J’ai commencé à faire circuler des articles. Un de mes anciens superviseurs dans un programme de santé mentale infantile m’a orientée vers les travaux de Heidelise Als, psychologue à Harvard, qui a innové dans la conception et la compréhension de la prise en charge du développement des bébés prématurés. J’ai désespérément distribué ce que je pensais être des idées bienvenues. Je me suis heurtée à des hochements de tête polis mais dédaigneux.
Certaines infirmières ont été formidables.
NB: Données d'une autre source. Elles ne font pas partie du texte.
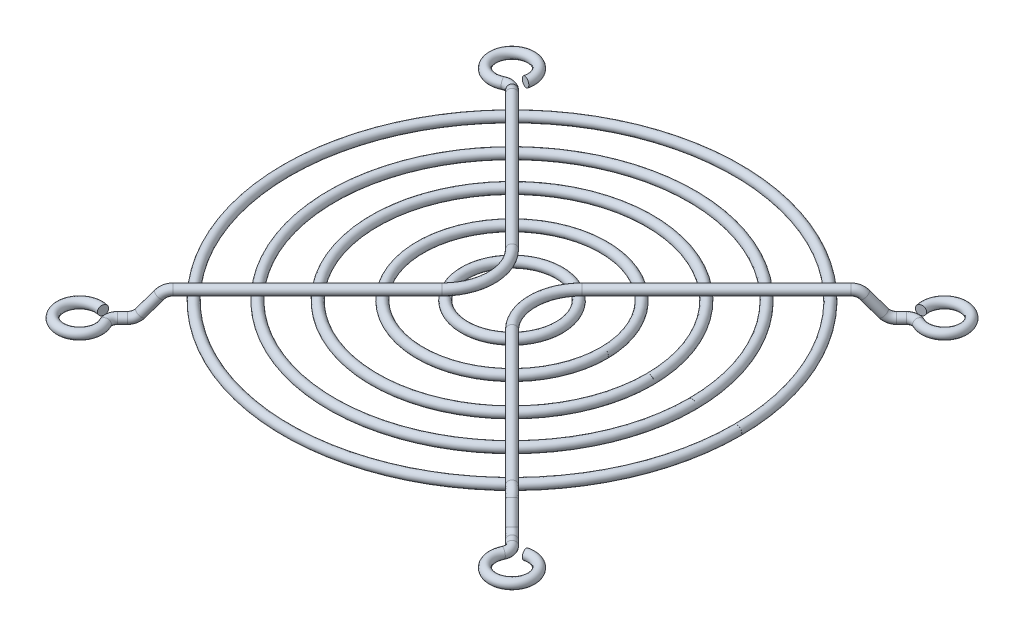
ISO-10303-21;
HEADER;
FILE_DESCRIPTION(('STEP AP214'),'2;1');
FILE_NAME('part.step','',(''),(''),'','','');
FILE_SCHEMA(('AUTOMOTIVE_DESIGN { 1 0 10303 214 1 1 1 1 }'));
ENDSEC;
DATA;
#1=APPLICATION_CONTEXT('core data for automotive mechanical design processes');
#2=APPLICATION_PROTOCOL_DEFINITION('international standard','automotive_design',2000,#1);
#3=PRODUCT_CONTEXT('',#1,'mechanical');
#4=PRODUCT('Part','Part','',(#3));
#5=PRODUCT_RELATED_PRODUCT_CATEGORY('part','',(#4));
#6=PRODUCT_DEFINITION_FORMATION('','',#4);
#7=PRODUCT_DEFINITION_CONTEXT('part definition',#1,'design');
#8=PRODUCT_DEFINITION('design','',#6,#7);
#9=PRODUCT_DEFINITION_SHAPE('','',#8);
#10=(LENGTH_UNIT() NAMED_UNIT(*) SI_UNIT(.MILLI.,.METRE.));
#11=(NAMED_UNIT(*) PLANE_ANGLE_UNIT() SI_UNIT($,.RADIAN.));
#12=(NAMED_UNIT(*) SI_UNIT($,.STERADIAN.) SOLID_ANGLE_UNIT());
#13=UNCERTAINTY_MEASURE_WITH_UNIT(LENGTH_MEASURE(1.E-05),#10,'distance_accuracy_value','');
#14=(GEOMETRIC_REPRESENTATION_CONTEXT(3) GLOBAL_UNCERTAINTY_ASSIGNED_CONTEXT((#13)) GLOBAL_UNIT_ASSIGNED_CONTEXT((#10,
#11,#12)) REPRESENTATION_CONTEXT('',''));
#15=CARTESIAN_POINT('',(0.,0.,0.));
#16=DIRECTION('',(0.,0.,1.));
#17=DIRECTION('',(1.,0.,0.));
#18=AXIS2_PLACEMENT_3D('',#15,#16,#17);
#19=CARTESIAN_POINT('',(-5.65685424949251,1.5,5.65685424949238));
#20=DIRECTION('',(-0.707106781186546,0.,0.707106781186549));
#21=DIRECTION('',(0.707106781186549,0.,0.707106781186546));
#22=AXIS2_PLACEMENT_3D('',#19,#20,#21);
#23=CYLINDRICAL_SURFACE('',#22,0.749999999999998);
#24=CARTESIAN_POINT('',(-5.65685424949251,1.5,5.65685424949238));
#25=DIRECTION('',(-0.70710678118655,0.,0.707106781186545));
#26=DIRECTION('',(0.707106781186545,0.,0.70710678118655));
#27=AXIS2_PLACEMENT_3D('',#24,#25,#26);
#28=CIRCLE('',#27,0.749999999999998);
#29=CARTESIAN_POINT('',(-5.1265241636026,1.5,6.18718433538229));
#30=VERTEX_POINT('',#29);
#31=EDGE_CURVE('E11',#30,#30,#28,.T.);
#32=ORIENTED_EDGE('',*,*,#31,.T.);
#33=EDGE_LOOP('',(#32));
#34=FACE_BOUND('',#33,.T.);
#35=CARTESIAN_POINT('',(-27.4519723458619,1.5,27.4519723458618));
#36=DIRECTION('',(-0.70710678118655,0.,0.707106781186545));
#37=DIRECTION('',(0.707106781186545,0.,0.70710678118655));
#38=AXIS2_PLACEMENT_3D('',#35,#36,#37);
#39=CIRCLE('',#38,0.750000000000034);
#40=CARTESIAN_POINT('',(-27.4519723458619,2.25000000000003,27.4519723458618));
#41=VERTEX_POINT('',#40);
#42=EDGE_CURVE('E59',#41,#41,#39,.T.);
#43=ORIENTED_EDGE('',*,*,#42,.F.);
#44=EDGE_LOOP('',(#43));
#45=FACE_BOUND('',#44,.T.);
#46=ADVANCED_FACE('F37',(#34,#45),#23,.T.);
#47=CARTESIAN_POINT('',(-11.3137084989849,1.5,0.));
#48=DIRECTION('',(0.,-1.,0.));
#49=DIRECTION('',(0.,0.,-1.));
#50=AXIS2_PLACEMENT_3D('',#47,#48,#49);
#51=TOROIDAL_SURFACE('',#50,7.99999999999998,0.749999999999998);
#52=CARTESIAN_POINT('',(-5.65685424949254,1.5,-5.65685424949236));
#53=DIRECTION('',(0.707106781186546,0.,0.707106781186549));
#54=DIRECTION('',(0.707106781186549,0.,-0.707106781186546));
#55=AXIS2_PLACEMENT_3D('',#52,#53,#54);
#56=CIRCLE('',#55,0.749999999999998);
#57=CARTESIAN_POINT('',(-5.12652416360263,1.5,-6.18718433538228));
#58=VERTEX_POINT('',#57);
#59=EDGE_CURVE('E43',#58,#58,#56,.T.);
#60=CARTESIAN_POINT('',(-11.3137084989849,1.5,0.));
#61=DIRECTION('',(0.,-1.,0.));
#62=DIRECTION('',(0.,0.,-1.));
#63=AXIS2_PLACEMENT_3D('',#60,#61,#62);
#64=CIRCLE('',#63,8.74999999999998);
#65=EDGE_CURVE('',#58,#30,#64,.T.);
#66=ORIENTED_EDGE('',*,*,#59,.T.);
#67=ORIENTED_EDGE('',*,*,#31,.F.);
#68=ORIENTED_EDGE('',*,*,#65,.T.);
#69=ORIENTED_EDGE('',*,*,#65,.F.);
#70=EDGE_LOOP('',(#66,#68,#67,#69));
#71=FACE_BOUND('',#70,.T.);
#72=ADVANCED_FACE('F113',(#71),#51,.T.);
#73=CARTESIAN_POINT('',(-5.65685424949254,1.5,-5.65685424949236));
#74=DIRECTION('',(-0.707106781186549,0.,-0.707106781186546));
#75=DIRECTION('',(-0.707106781186546,0.,0.707106781186549));
#76=AXIS2_PLACEMENT_3D('',#73,#74,#75);
#77=CYLINDRICAL_SURFACE('',#76,0.749999999999998);
#78=ORIENTED_EDGE('',*,*,#59,.F.);
#79=EDGE_LOOP('',(#78));
#80=FACE_BOUND('',#79,.T.);
#81=CARTESIAN_POINT('',(-27.4519723458619,1.5,-27.4519723458616));
#82=DIRECTION('',(-0.707106781186546,0.,-0.707106781186549));
#83=DIRECTION('',(-0.707106781186549,0.,0.707106781186546));
#84=AXIS2_PLACEMENT_3D('',#81,#82,#83);
#85=CIRCLE('',#84,0.750000000000001);
#86=CARTESIAN_POINT('',(-27.4519723458619,2.25,-27.4519723458616));
#87=VERTEX_POINT('',#86);
#88=EDGE_CURVE('E71',#87,#87,#85,.T.);
#89=ORIENTED_EDGE('',*,*,#88,.F.);
#90=EDGE_LOOP('',(#89));
#91=FACE_BOUND('',#90,.T.);
#92=ADVANCED_FACE('F117',(#80,#91),#77,.T.);
#93=CARTESIAN_POINT('',(-31.1442217318507,-2.5,31.1442217318506));
#94=DIRECTION('',(-0.707106781186545,0.,0.70710678118655));
#95=DIRECTION('',(0.70710678118655,0.,0.707106781186545));
#96=AXIS2_PLACEMENT_3D('',#93,#94,#95);
#97=CYLINDRICAL_SURFACE('',#96,0.750000000000034);
#98=CARTESIAN_POINT('',(-31.1442217318507,-2.5,31.1442217318506));
#99=DIRECTION('',(-0.70710678118655,0.,0.707106781186545));
#100=DIRECTION('',(0.707106781186545,0.,0.70710678118655));
#101=AXIS2_PLACEMENT_3D('',#98,#99,#100);
#102=CIRCLE('',#101,0.750000000000034);
#103=CARTESIAN_POINT('',(-31.1442217318507,-3.25000000000004,31.1442217318506));
#104=VERTEX_POINT('',#103);
#105=EDGE_CURVE('E47',#104,#104,#102,.T.);
#106=ORIENTED_EDGE('',*,*,#105,.T.);
#107=EDGE_LOOP('',(#106));
#108=FACE_BOUND('',#107,.T.);
#109=CARTESIAN_POINT('',(-31.9251016276957,-2.5,31.9251016276956));
#110=DIRECTION('',(-0.70710678118655,0.,0.707106781186545));
#111=DIRECTION('',(0.707106781186545,0.,0.70710678118655));
#112=AXIS2_PLACEMENT_3D('',#109,#110,#111);
#113=CIRCLE('',#112,0.750000000000021);
#114=CARTESIAN_POINT('',(-31.3947715418057,-2.5,32.4554317135855));
#115=VERTEX_POINT('',#114);
#116=EDGE_CURVE('E80',#115,#115,#113,.T.);
#117=ORIENTED_EDGE('',*,*,#116,.F.);
#118=EDGE_LOOP('',(#117));
#119=FACE_BOUND('',#118,.T.);
#120=ADVANCED_FACE('F131',(#108,#119),#97,.T.);
#121=CARTESIAN_POINT('',(-31.1442217318507,-0.5,31.1442217318506));
#122=DIRECTION('',(-0.707106781186546,0.,-0.707106781186549));
#123=DIRECTION('',(-0.707106781186549,0.,0.707106781186546));
#124=AXIS2_PLACEMENT_3D('',#121,#122,#123);
#125=TOROIDAL_SURFACE('',#124,2.,0.750000000000034);
#126=CARTESIAN_POINT('',(-30.0608712910113,-1.78557521937308,30.0608712910112));
#127=DIRECTION('',(-0.454519477672045,-0.766044443118979,0.454519477672041));
#128=DIRECTION('',(0.707106781186545,0.,0.70710678118655));
#129=AXIS2_PLACEMENT_3D('',#126,#127,#128);
#130=CIRCLE('',#129,0.750000000000034);
#131=CARTESIAN_POINT('',(-29.6546148756965,-2.26766592663801,29.6546148756964));
#132=VERTEX_POINT('',#131);
#133=EDGE_CURVE('E51',#132,#132,#130,.T.);
#134=CARTESIAN_POINT('',(-31.1442217318507,-0.5,31.1442217318506));
#135=DIRECTION('',(-0.707106781186546,0.,-0.707106781186549));
#136=DIRECTION('',(-0.707106781186549,0.,0.707106781186546));
#137=AXIS2_PLACEMENT_3D('',#134,#135,#136);
#138=CIRCLE('',#137,2.75000000000004);
#139=EDGE_CURVE('',#132,#104,#138,.T.);
#140=ORIENTED_EDGE('',*,*,#133,.T.);
#141=ORIENTED_EDGE('',*,*,#105,.F.);
#142=ORIENTED_EDGE('',*,*,#139,.T.);
#143=ORIENTED_EDGE('',*,*,#139,.F.);
#144=EDGE_LOOP('',(#140,#142,#141,#143));
#145=FACE_BOUND('',#144,.T.);
#146=ADVANCED_FACE('F125',(#145),#125,.T.);
#147=CARTESIAN_POINT('',(-28.5353227867013,0.785575219373072,28.5353227867012));
#148=DIRECTION('',(-0.454519477672044,-0.766044443118979,0.454519477672042));
#149=DIRECTION('',(0.860012120645905,-0.510273605374737,0.));
#150=AXIS2_PLACEMENT_3D('',#147,#148,#149);
#151=CYLINDRICAL_SURFACE('',#150,0.750000000000034);
#152=CARTESIAN_POINT('',(-28.5353227867013,0.785575219373072,28.5353227867012));
#153=DIRECTION('',(-0.454519477672045,-0.766044443118979,0.454519477672041));
#154=DIRECTION('',(0.707106781186545,0.,0.70710678118655));
#155=AXIS2_PLACEMENT_3D('',#152,#153,#154);
#156=CIRCLE('',#155,0.750000000000034);
#157=CARTESIAN_POINT('',(-28.9415792020161,1.267665926638,28.941579202016));
#158=VERTEX_POINT('',#157);
#159=EDGE_CURVE('E56',#158,#158,#156,.T.);
#160=ORIENTED_EDGE('',*,*,#159,.T.);
#161=EDGE_LOOP('',(#160));
#162=FACE_BOUND('',#161,.T.);
#163=ORIENTED_EDGE('',*,*,#133,.F.);
#164=EDGE_LOOP('',(#163));
#165=FACE_BOUND('',#164,.T.);
#166=ADVANCED_FACE('F109',(#162,#165),#151,.T.);
#167=CARTESIAN_POINT('',(-27.4519723458619,-0.5,27.4519723458618));
#168=DIRECTION('',(0.707106781186546,0.,0.707106781186549));
#169=DIRECTION('',(0.707106781186549,0.,-0.707106781186546));
#170=AXIS2_PLACEMENT_3D('',#167,#168,#169);
#171=TOROIDAL_SURFACE('',#170,2.,0.750000000000034);
#172=CARTESIAN_POINT('',(-27.4519723458619,-0.5,27.4519723458618));
#173=DIRECTION('',(0.707106781186546,0.,0.707106781186549));
#174=DIRECTION('',(0.707106781186549,0.,-0.707106781186546));
#175=AXIS2_PLACEMENT_3D('',#172,#173,#174);
#176=CIRCLE('',#175,2.75000000000003);
#177=EDGE_CURVE('',#41,#158,#176,.T.);
#178=ORIENTED_EDGE('',*,*,#42,.T.);
#179=ORIENTED_EDGE('',*,*,#159,.F.);
#180=ORIENTED_EDGE('',*,*,#177,.T.);
#181=ORIENTED_EDGE('',*,*,#177,.F.);
#182=EDGE_LOOP('',(#178,#180,#179,#181));
#183=FACE_BOUND('',#182,.T.);
#184=ADVANCED_FACE('F99',(#183),#171,.T.);
#185=CARTESIAN_POINT('',(-31.1442217318507,-2.5,-31.1442217318504));
#186=DIRECTION('',(-0.707106781186553,0.,-0.707106781186542));
#187=DIRECTION('',(-0.707106781186542,0.,0.707106781186553));
#188=AXIS2_PLACEMENT_3D('',#185,#186,#187);
#189=CYLINDRICAL_SURFACE('',#188,0.750000000000001);
#190=CARTESIAN_POINT('',(-31.1442217318507,-2.5,-31.1442217318504));
#191=DIRECTION('',(-0.707106781186546,0.,-0.707106781186549));
#192=DIRECTION('',(-0.707106781186549,0.,0.707106781186546));
#193=AXIS2_PLACEMENT_3D('',#190,#191,#192);
#194=CIRCLE('',#193,0.750000000000001);
#195=CARTESIAN_POINT('',(-31.1442217318507,-3.25,-31.1442217318504));
#196=VERTEX_POINT('',#195);
#197=EDGE_CURVE('E62',#196,#196,#194,.T.);
#198=ORIENTED_EDGE('',*,*,#197,.T.);
#199=EDGE_LOOP('',(#198));
#200=FACE_BOUND('',#199,.T.);
#201=CARTESIAN_POINT('',(-31.9251016276956,-2.5,-31.9251016276954));
#202=DIRECTION('',(-0.707106781186546,0.,-0.707106781186549));
#203=DIRECTION('',(-0.707106781186549,0.,0.707106781186546));
#204=AXIS2_PLACEMENT_3D('',#201,#202,#203);
#205=CIRCLE('',#204,0.749999999999996);
#206=CARTESIAN_POINT('',(-32.4554317135855,-2.5,-31.3947715418055));
#207=VERTEX_POINT('',#206);
#208=EDGE_CURVE('E89',#207,#207,#205,.T.);
#209=ORIENTED_EDGE('',*,*,#208,.F.);
#210=EDGE_LOOP('',(#209));
#211=FACE_BOUND('',#210,.T.);
#212=ADVANCED_FACE('F96',(#200,#211),#189,.T.);
#213=CARTESIAN_POINT('',(-31.1442217318507,-0.5,-31.1442217318504));
#214=DIRECTION('',(0.707106781186546,0.,-0.707106781186549));
#215=DIRECTION('',(-0.707106781186549,0.,-0.707106781186546));
#216=AXIS2_PLACEMENT_3D('',#213,#214,#215);
#217=TOROIDAL_SURFACE('',#216,2.,0.750000000000001);
#218=CARTESIAN_POINT('',(-30.0608712910113,-1.78557521937308,-30.060871291011));
#219=DIRECTION('',(-0.454519477672042,-0.766044443118977,-0.454519477672046));
#220=DIRECTION('',(-0.707106781186548,0.,0.707106781186547));
#221=AXIS2_PLACEMENT_3D('',#218,#219,#220);
#222=CIRCLE('',#221,0.750000000000001);
#223=CARTESIAN_POINT('',(-29.6546148756965,-2.26766592663798,-29.6546148756963));
#224=VERTEX_POINT('',#223);
#225=EDGE_CURVE('E65',#224,#224,#222,.T.);
#226=CARTESIAN_POINT('',(-31.1442217318507,-0.5,-31.1442217318504));
#227=DIRECTION('',(0.707106781186546,0.,-0.707106781186549));
#228=DIRECTION('',(-0.707106781186549,0.,-0.707106781186546));
#229=AXIS2_PLACEMENT_3D('',#226,#227,#228);
#230=CIRCLE('',#229,2.75);
#231=EDGE_CURVE('',#224,#196,#230,.T.);
#232=ORIENTED_EDGE('',*,*,#225,.T.);
#233=ORIENTED_EDGE('',*,*,#197,.F.);
#234=ORIENTED_EDGE('',*,*,#231,.T.);
#235=ORIENTED_EDGE('',*,*,#231,.F.);
#236=EDGE_LOOP('',(#232,#234,#233,#235));
#237=FACE_BOUND('',#236,.T.);
#238=ADVANCED_FACE('F98',(#237),#217,.T.);
#239=CARTESIAN_POINT('',(-28.5353227867013,0.785575219373082,-28.535322786701));
#240=DIRECTION('',(-0.454519477672046,-0.766044443118977,-0.454519477672043));
#241=DIRECTION('',(0.860012120645904,-0.510273605374739,0.));
#242=AXIS2_PLACEMENT_3D('',#239,#240,#241);
#243=CYLINDRICAL_SURFACE('',#242,0.750000000000001);
#244=CARTESIAN_POINT('',(-28.5353227867013,0.785575219373082,-28.535322786701));
#245=DIRECTION('',(-0.454519477672042,-0.766044443118977,-0.454519477672046));
#246=DIRECTION('',(-0.707106781186548,0.,0.707106781186547));
#247=AXIS2_PLACEMENT_3D('',#244,#245,#246);
#248=CIRCLE('',#247,0.750000000000001);
#249=CARTESIAN_POINT('',(-28.941579202016,1.26766592663799,-28.9415792020158));
#250=VERTEX_POINT('',#249);
#251=EDGE_CURVE('E68',#250,#250,#248,.T.);
#252=ORIENTED_EDGE('',*,*,#251,.T.);
#253=EDGE_LOOP('',(#252));
#254=FACE_BOUND('',#253,.T.);
#255=ORIENTED_EDGE('',*,*,#225,.F.);
#256=EDGE_LOOP('',(#255));
#257=FACE_BOUND('',#256,.T.);
#258=ADVANCED_FACE('F106',(#254,#257),#243,.T.);
#259=CARTESIAN_POINT('',(-27.4519723458619,-0.5,-27.4519723458616));
#260=DIRECTION('',(-0.707106781186546,0.,0.707106781186549));
#261=DIRECTION('',(0.707106781186549,0.,0.707106781186546));
#262=AXIS2_PLACEMENT_3D('',#259,#260,#261);
#263=TOROIDAL_SURFACE('',#262,2.,0.750000000000001);
#264=CARTESIAN_POINT('',(-27.4519723458619,-0.5,-27.4519723458616));
#265=DIRECTION('',(-0.707106781186546,0.,0.707106781186549));
#266=DIRECTION('',(0.707106781186549,0.,0.707106781186546));
#267=AXIS2_PLACEMENT_3D('',#264,#265,#266);
#268=CIRCLE('',#267,2.75);
#269=EDGE_CURVE('',#87,#250,#268,.T.);
#270=ORIENTED_EDGE('',*,*,#88,.T.);
#271=ORIENTED_EDGE('',*,*,#251,.F.);
#272=ORIENTED_EDGE('',*,*,#269,.T.);
#273=ORIENTED_EDGE('',*,*,#269,.F.);
#274=EDGE_LOOP('',(#270,#272,#271,#273));
#275=FACE_BOUND('',#274,.T.);
#276=ADVANCED_FACE('F150',(#275),#263,.T.);
#277=CARTESIAN_POINT('',(-35.,-2.5,35.));
#278=DIRECTION('',(0.,-1.,0.));
#279=DIRECTION('',(0.,0.,-1.));
#280=AXIS2_PLACEMENT_3D('',#277,#278,#279);
#281=TOROIDAL_SURFACE('',#280,3.09999999999997,0.750000000000021);
#282=CARTESIAN_POINT('',(-32.2129931550737,-2.5,33.6425786039943));
#283=DIRECTION('',(0.437877869679252,0.,0.899034466105254));
#284=DIRECTION('',(0.899034466105254,0.,-0.437877869679252));
#285=AXIS2_PLACEMENT_3D('',#282,#283,#284);
#286=CIRCLE('',#285,0.750000000000021);
#287=CARTESIAN_POINT('',(-31.5387173054948,-2.5,33.3141702017349));
#288=VERTEX_POINT('',#287);
#289=EDGE_CURVE('E77',#288,#288,#286,.T.);
#290=CARTESIAN_POINT('',(-34.1976609601822,-2.5,32.0056299385039));
#291=DIRECTION('',(0.965925826289066,0.,0.258819045102529));
#292=DIRECTION('',(0.258819045102529,0.,-0.965925826289066));
#293=AXIS2_PLACEMENT_3D('',#290,#291,#292);
#294=CIRCLE('',#293,0.750000000000021);
#295=CARTESIAN_POINT('',(-34.0035466763553,-2.5,31.2811855687871));
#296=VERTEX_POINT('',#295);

Elles ont suggéré de faire des enregistrements audio de nous lisant des histoires pour enfants qu’elles feraient écouter à notre fils à l’heure du coucher. Nous répétons encore les rimes intemporelles de But Not the Hippopotamus de Sandra Boynton, notre seule bouée de sauvetage pour notre petit nourrisson sans défense dans sa boîte de verre.
Le plus triste, c’était les bébés qui n’avaient pas de visite. Les traumatismes liés à l’attachement qui se déroulaient sous mes yeux étaient insupportables à voir. De nombreux parents n’ont pas le luxe de pouvoir s’absenter de leur travail et de leurs autres enfants et, en l’absence de toute formation psychologique, les besoins d’attachement de ces bébés n’étaient pas communiqués par l’hôpital aux parents. Ou satisfaits. Les bébés ont besoin d’un contact peau à peau, d’une présence aimante sûre et fiable, et d’une réponse à leurs besoins émotionnels et physiques.
C’était il y a 16 ans. Y a-t-il eu des progrès ? Nous savons qu’un séjour en unité de soins intensifs néonatals a de graves répercussions sur la santé mentale de la mère. Les articles abondent sur la dépression maternelle, le syndrome de stress post-traumatique et les difficultés d’attachement. Le stress lié à l’expérience de l’unité de soins intensifs néonatals peut avoir un impact sur la capacité des parents à s’attacher à leur bébé.
Mais qu’en est-il des bébés ? Les soins kangourou consistent à tenir le bébé face au parent, avec un contact peau à peau. Ils sont considérés comme la norme en matière de soins, mais de nombreux obstacles s’opposent à leur mise en œuvre. Des programmes de bénévoles « câlineurs de bébés » ont vu le jour dans les hôpitaux du Canada et des États-Unis. Pourtant, les ressources sont souvent insuffisantes pour financer un nombre suffisant de bénévoles pour tenir les bébés qui en ont besoin. En attendant, ces bébés sont soumis à une séparation douloureuse d’avec leurs soignants et à des procédures intrusives et pénibles, ce qui entraîne des taux plus élevés de difficultés neurocognitives et psychosociales plus tard dans leur développement (Givrad et al., 2021).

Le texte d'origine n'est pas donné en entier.